- [PROBLEM DETAILS]
The records that follow are to be printed exactly, with no images.

┌─ MATERIAL SUPPLIED

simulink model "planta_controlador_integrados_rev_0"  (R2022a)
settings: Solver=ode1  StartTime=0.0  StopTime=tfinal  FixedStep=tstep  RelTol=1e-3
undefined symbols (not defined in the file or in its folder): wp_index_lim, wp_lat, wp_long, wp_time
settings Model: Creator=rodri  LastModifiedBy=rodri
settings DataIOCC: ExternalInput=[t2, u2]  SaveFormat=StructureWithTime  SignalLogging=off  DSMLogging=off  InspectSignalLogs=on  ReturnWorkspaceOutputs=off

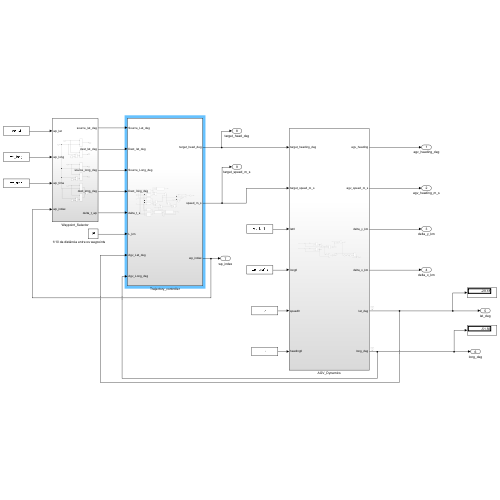
[thumbnail: Simulink's stored preview of the top-level diagram]
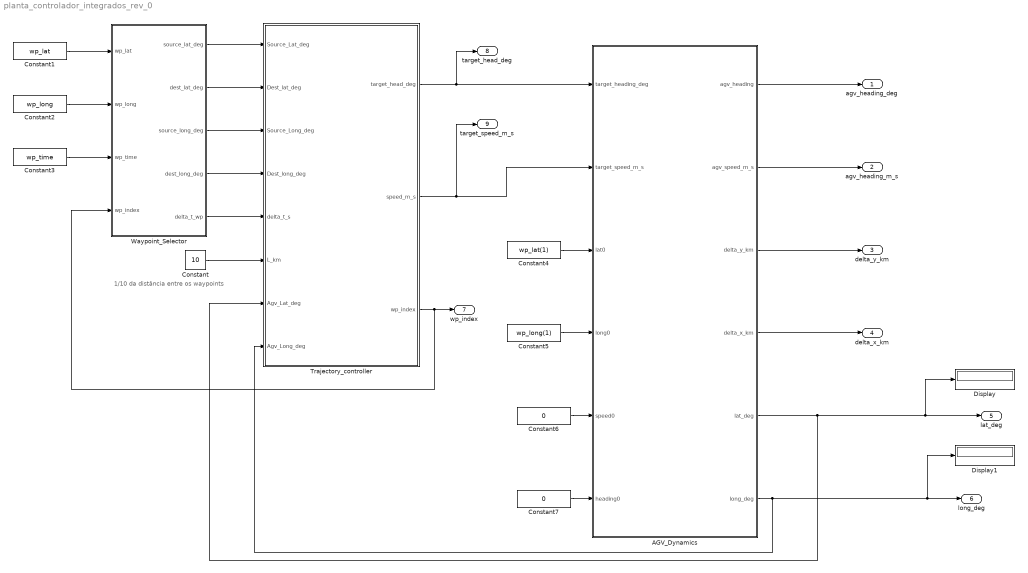
== system planta_controlador_integrados_rev_0 ==
  note: 1/10 da distância entre os waypoints
  AGV_Dynamics : Subsystem
  Constant : Constant  Value=10
  Constant1 : Constant  Value=wp_lat
  Constant2 : Constant  Value=wp_long
  Constant3 : Constant  Value=wp_time
  Constant4 : Constant  Value=wp_lat(1)
  Constant5 : Constant  Value=wp_long(1)
  Constant6 : Constant  Value=0
  Constant7 : Constant  Value=0
  Display : Display
  Display1 : Display
  Trajectory_controller : Subsystem
  Waypoint_Selector : Subsystem
  agv_heading_deg : Outport
  agv_heading_m_s : Outport  Port=2
  delta_y_km : Outport  Port=3
  delta_x_km : Outport  Port=4
  lat_deg : Outport  Port=5
  long_deg : Outport  Port=6
  wp_index : Outport  Port=7
  target_head_deg : Outport  Port=8
  target_speed_m_s : Outport  Port=9
  wires:
  Waypoint_Selector/1(source_lat_deg) -> Trajectory_controller/1(Source_Lat_deg)
  Waypoint_Selector/2(dest_lat_deg) -> Trajectory_controller/2(Dest_lat_deg)
  Waypoint_Selector/3(source_long_deg) -> Trajectory_controller/3(Source_Long_deg)
  Waypoint_Selector/4(dest_long_deg) -> Trajectory_controller/4(Dest_long_deg)
  Constant/1 -> Trajectory_controller/6(L_km)
  Constant1/1 -> Waypoint_Selector/1(wp_lat)
  Constant2/1 -> Waypoint_Selector/2(wp_long)
  Constant3/1 -> Waypoint_Selector/3(wp_time)
  Waypoint_Selector/5(delta_t_wp) -> Trajectory_controller/5(delta_t_s)
  Trajectory_controller/3(wp_index) -> Waypoint_Selector/4(wp_index), wp_index/1
  Trajectory_controller/1(target_head_deg) -> target_head_deg/1, AGV_Dynamics/1(target_heading_deg)
  Trajectory_controller/2(speed_m_s) -> AGV_Dynamics/2(target_speed_m_s), target_speed_m_s/1
  AGV_Dynamics/5(lat_deg) -> Display/1, lat_deg/1, Trajectory_controller/7(Agv_Lat_deg)
  AGV_Dynamics/6(long_deg) -> Display1/1, long_deg/1, Trajectory_controller/8(Agv_Long_deg)
  AGV_Dynamics/1(agv_heading) -> agv_heading_deg/1
  AGV_Dynamics/2(agv_speed_m_s) -> agv_heading_m_s/1
  AGV_Dynamics/3(delta_y_km) -> delta_y_km/1
  AGV_Dynamics/4(delta_x_km) -> delta_x_km/1
  Constant4/1 -> AGV_Dynamics/3(lat0)
  Constant5/1 -> AGV_Dynamics/4(long0)
  Constant6/1 -> AGV_Dynamics/5(speed0)
  Constant7/1 -> AGV_Dynamics/6(heading0)

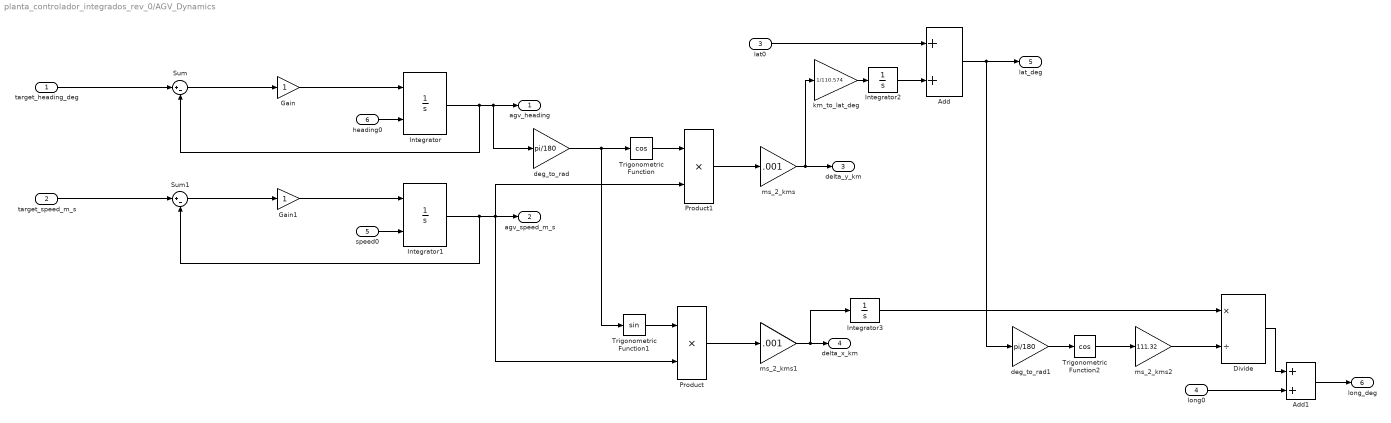
== system planta_controlador_integrados_rev_0/AGV_Dynamics ==
  target_heading_deg : Inport
  target_speed_m_s : Inport  Port=2
  lat0 : Inport  Port=3
  long0 : Inport  Port=4
  speed0 : Inport  Port=5
  heading0 : Inport  Port=6
  Add : Sum
  Add1 : Sum
  Divide : Product  Inputs=*/
  Gain : Gain
  Gain1 : Gain
  Integrator : Integrator  InitialConditionSource=external
  Integrator1 : Integrator  InitialConditionSource=external
  Integrator2 : Integrator
  Integrator3 : Integrator
  Product : Product
  Product1 : Product
  Sum : Sum  Inputs=|+-
  Sum1 : Sum  Inputs=|+-
  Trigonometric Function : Trigonometry  Operator=cos
  Trigonometric Function1 : Trigonometry
  Trigonometric Function2 : Trigonometry  Operator=cos
  deg_to_rad : Gain  Gain=pi/180
  deg_to_rad1 : Gain  Gain=pi/180
  km_to_lat_deg : Gain  Gain=1/110.574
  ms_2_kms : Gain  Gain=.001
  ms_2_kms1 : Gain  Gain=.001
  ms_2_kms2 : Gain  Gain=111.32
  agv_heading : Outport
  agv_speed_m_s : Outport  Port=2
  delta_y_km : Outport  Port=3
  delta_x_km : Outport  Port=4
  lat_deg : Outport  Port=5
  long_deg : Outport  Port=6
  wires:
  Integrator/1 -> Sum/2, deg_to_rad/1, agv_heading/1
  Gain/1 -> Integrator/1
  Sum/1 -> Gain/1
  target_heading_deg/1 -> Sum/1
  target_speed_m_s/1 -> Sum1/1
  Gain1/1 -> Integrator1/1
  Sum1/1 -> Gain1/1
  Integrator1/1 -> Sum1/2, Product1/2, Product/2, agv_speed_m_s/1
  heading0/1 -> Integrator/2
  speed0/1 -> Integrator1/2
  deg_to_rad/1 -> Trigonometric Function1/1, Trigonometric Function/1
  Trigonometric Function1/1 -> Product/1
  Product/1 -> ms_2_kms1/1
  Trigonometric Function/1 -> Product1/1
  Product1/1 -> ms_2_kms/1
  ms_2_kms/1 -> delta_y_km/1, km_to_lat_deg/1
  ms_2_kms1/1 -> Integrator3/1, delta_x_km/1
  lat0/1 -> Add/1
  km_to_lat_deg/1 -> Integrator2/1
  Add/1 -> deg_to_rad1/1, lat_deg/1
  deg_to_rad1/1 -> Trigonometric Function2/1
  Trigonometric Function2/1 -> ms_2_kms2/1
  long0/1 -> Add1/2
  Divide/1 -> Add1/1
  ms_2_kms2/1 -> Divide/2
  Add1/1 -> long_deg/1
  Integrator3/1 -> Divide/1
  Integrator2/1 -> Add/2

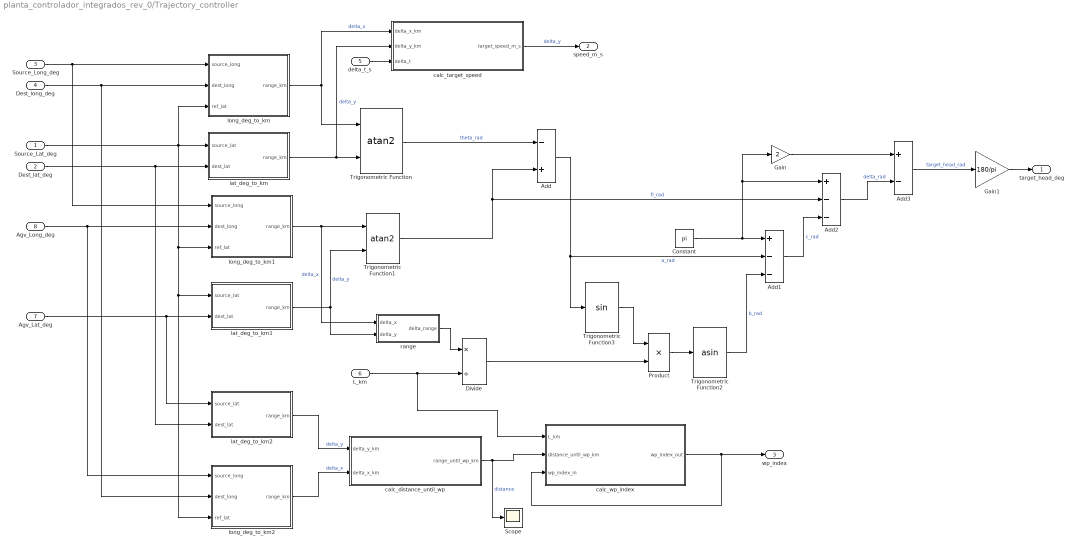
== system planta_controlador_integrados_rev_0/Trajectory_controller ==
  Source_Lat_deg : Inport
  Dest_lat_deg : Inport  Port=2
  Source_Long_deg : Inport  Port=3
  Dest_long_deg : Inport  Port=4
  delta_t_s : Inport  Port=5
  L_km : Inport  Port=6
  Agv_Lat_deg : Inport  Port=7
  Agv_Long_deg : Inport  Port=8
  Add : Sum  Inputs=-+
  Add1 : Sum  Inputs=+--
  Add2 : Sum  Inputs=+--
  Add3 : Sum  Inputs=+-
  Constant : Constant  Value=pi
  Divide : Product  Inputs=*/
  Gain : Gain  Gain=2
  Gain1 : Gain  Gain=180/pi
  Product : Product
  Scope : Scope
  Trigonometric Function : Trigonometry  Operator=atan2
  Trigonometric Function1 : Trigonometry  Operator=atan2
  Trigonometric Function2 : Trigonometry  Operator=asin
  Trigonometric Function3 : Trigonometry
  calc_distance_until_wp : Subsystem
  calc_target_speed : Subsystem
  calc_wp_index : Subsystem
  lat_deg_to_km : Subsystem
  lat_deg_to_km1 : Subsystem
  lat_deg_to_km2 : Subsystem
  long_deg_to_km : Subsystem
  long_deg_to_km1 : Subsystem
  long_deg_to_km2 : Subsystem
  range : Subsystem
  target_head_deg : Outport
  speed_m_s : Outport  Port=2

└─

- [RESULT FOR THIS EXERCISE]
simulink model "planta_controlador_integrados_rev_0"  (R2022a)
settings: Solver=ode1  StartTime=0.0  StopTime=tfinal  FixedStep=tstep  RelTol=1e-3
undefined symbols (not defined in the file or in its folder): wp_index_lim, wp_lat, wp_long, wp_time
settings Model: Creator=rodri  LastModifiedBy=rodri
settings DataIOCC: ExternalInput=[t2, u2]  SaveFormat=StructureWithTime  SignalLogging=off  DSMLogging=off  InspectSignalLogs=on  ReturnWorkspaceOutputs=off

[thumbnail: Simulink's stored preview of the top-level diagram]
== system planta_controlador_integrados_rev_0 ==
  note: 1/10 da distância entre os waypoints
  AGV_Dynamics : Subsystem
  Constant : Constant  Value=10
  Constant1 : Constant  Value=wp_lat
  Constant2 : Constant  Value=wp_long
  Constant3 : Constant  Value=wp_time
  Constant4 : Constant  Value=wp_lat(1)
  Constant5 : Constant  Value=wp_long(1)
  Constant6 : Constant  Value=0
  Constant7 : Constant  Value=0
  Display : Display
  Display1 : Display
  Trajectory_controller : Subsystem
  Waypoint_Selector : Subsystem
  agv_heading_deg : Outport
  agv_heading_m_s : Outport  Port=2
  delta_y_km : Outport  Port=3
  delta_x_km : Outport  Port=4
  lat_deg : Outport  Port=5
  long_deg : Outport  Port=6
  wp_index : Outport  Port=7
  target_head_deg : Outport  Port=8
  target_speed_m_s : Outport  Port=9
  wires:
  Waypoint_Selector/1(source_lat_deg) -> Trajectory_controller/1(Source_Lat_deg)
  Waypoint_Selector/2(dest_lat_deg) -> Trajectory_controller/2(Dest_lat_deg)
  Waypoint_Selector/3(source_long_deg) -> Trajectory_controller/3(Source_Long_deg)
  Waypoint_Selector/4(dest_long_deg) -> Trajectory_controller/4(Dest_long_deg)
  Constant/1 -> Trajectory_controller/6(L_km)
  Constant1/1 -> Waypoint_Selector/1(wp_lat)
  Constant2/1 -> Waypoint_Selector/2(wp_long)
  Constant3/1 -> Waypoint_Selector/3(wp_time)
  Waypoint_Selector/5(delta_t_wp) -> Trajectory_controller/5(delta_t_s)
  Trajectory_controller/3(wp_index) -> Waypoint_Selector/4(wp_index), wp_index/1
  Trajectory_controller/1(target_head_deg) -> target_head_deg/1, AGV_Dynamics/1(target_heading_deg)
  Trajectory_controller/2(speed_m_s) -> AGV_Dynamics/2(target_speed_m_s), target_speed_m_s/1
  AGV_Dynamics/5(lat_deg) -> Display/1, lat_deg/1, Trajectory_controller/7(Agv_Lat_deg)
  AGV_Dynamics/6(long_deg) -> Display1/1, long_deg/1, Trajectory_controller/8(Agv_Long_deg)
  AGV_Dynamics/1(agv_heading) -> agv_heading_deg/1
  AGV_Dynamics/2(agv_speed_m_s) -> agv_heading_m_s/1
  AGV_Dynamics/3(delta_y_km) -> delta_y_km/1
  AGV_Dynamics/4(delta_x_km) -> delta_x_km/1
  Constant4/1 -> AGV_Dynamics/3(lat0)
  Constant5/1 -> AGV_Dynamics/4(long0)
  Constant6/1 -> AGV_Dynamics/5(speed0)
  Constant7/1 -> AGV_Dynamics/6(heading0)

== system planta_controlador_integrados_rev_0/AGV_Dynamics ==
  target_heading_deg : Inport
  target_speed_m_s : Inport  Port=2
  lat0 : Inport  Port=3
  long0 : Inport  Port=4
  speed0 : Inport  Port=5
  heading0 : Inport  Port=6
  Add : Sum
  Add1 : Sum
  Divide : Product  Inputs=*/
  Gain : Gain
  Gain1 : Gain
  Integrator : Integrator  InitialConditionSource=external
  Integrator1 : Integrator  InitialConditionSource=external
  Integrator2 : Integrator
  Integrator3 : Integrator
  Product : Product
  Product1 : Product
  Sum : Sum  Inputs=|+-
  Sum1 : Sum  Inputs=|+-
  Trigonometric Function : Trigonometry  Operator=cos
  Trigonometric Function1 : Trigonometry
  Trigonometric Function2 : Trigonometry  Operator=cos
  deg_to_rad : Gain  Gain=pi/180
  deg_to_rad1 : Gain  Gain=pi/180
  km_to_lat_deg : Gain  Gain=1/110.574
  ms_2_kms : Gain  Gain=.001
  ms_2_kms1 : Gain  Gain=.001
  ms_2_kms2 : Gain  Gain=111.32
  agv_heading : Outport
  agv_speed_m_s : Outport  Port=2
  delta_y_km : Outport  Port=3
  delta_x_km : Outport  Port=4
  lat_deg : Outport  Port=5
  long_deg : Outport  Port=6
  wires:
  Integrator/1 -> Sum/2, deg_to_rad/1, agv_heading/1
  Gain/1 -> Integrator/1
  Sum/1 -> Gain/1
  target_heading_deg/1 -> Sum/1
  target_speed_m_s/1 -> Sum1/1
  Gain1/1 -> Integrator1/1
  Sum1/1 -> Gain1/1
  Integrator1/1 -> Sum1/2, Product1/2, Product/2, agv_speed_m_s/1
  heading0/1 -> Integrator/2
  speed0/1 -> Integrator1/2
  deg_to_rad/1 -> Trigonometric Function1/1, Trigonometric Function/1
  Trigonometric Function1/1 -> Product/1
  Product/1 -> ms_2_kms1/1
  Trigonometric Function/1 -> Product1/1
  Product1/1 -> ms_2_kms/1
  ms_2_kms/1 -> delta_y_km/1, km_to_lat_deg/1
  ms_2_kms1/1 -> Integrator3/1, delta_x_km/1
  lat0/1 -> Add/1
  km_to_lat_deg/1 -> Integrator2/1
  Add/1 -> deg_to_rad1/1, lat_deg/1
  deg_to_rad1/1 -> Trigonometric Function2/1
  Trigonometric Function2/1 -> ms_2_kms2/1
  long0/1 -> Add1/2
  Divide/1 -> Add1/1
  ms_2_kms2/1 -> Divide/2
  Add1/1 -> long_deg/1
  Integrator3/1 -> Divide/1
  Integrator2/1 -> Add/2

== system planta_controlador_integrados_rev_0/Trajectory_controller ==
  Source_Lat_deg : Inport
  Dest_lat_deg : Inport  Port=2
  Source_Long_deg : Inport  Port=3
  Dest_long_deg : Inport  Port=4
  delta_t_s : Inport  Port=5
  L_km : Inport  Port=6
  Agv_Lat_deg : Inport  Port=7
  Agv_Long_deg : Inport  Port=8
  Add : Sum  Inputs=-+
  Add1 : Sum  Inputs=+--
  Add2 : Sum  Inputs=+--
  Add3 : Sum  Inputs=+-
  Constant : Constant  Value=pi
  Divide : Product  Inputs=*/
  Gain : Gain  Gain=2
  Gain1 : Gain  Gain=180/pi
  Product : Product
  Scope : Scope
  Trigonometric Function : Trigonometry  Operator=atan2
  Trigonometric Function1 : Trigonometry  Operator=atan2
  Trigonometric Function2 : Trigonometry  Operator=asin
  Trigonometric Function3 : Trigonometry
  calc_distance_until_wp : Subsystem
  calc_target_speed : Subsystem
  calc_wp_index : Subsystem
  lat_deg_to_km : Subsystem
  lat_deg_to_km1 : Subsystem
  lat_deg_to_km2 : Subsystem
  long_deg_to_km : Subsystem
  long_deg_to_km1 : Subsystem
  long_deg_to_km2 : Subsystem
  range : Subsystem
  target_head_deg : Outport
  speed_m_s : Outport  Port=2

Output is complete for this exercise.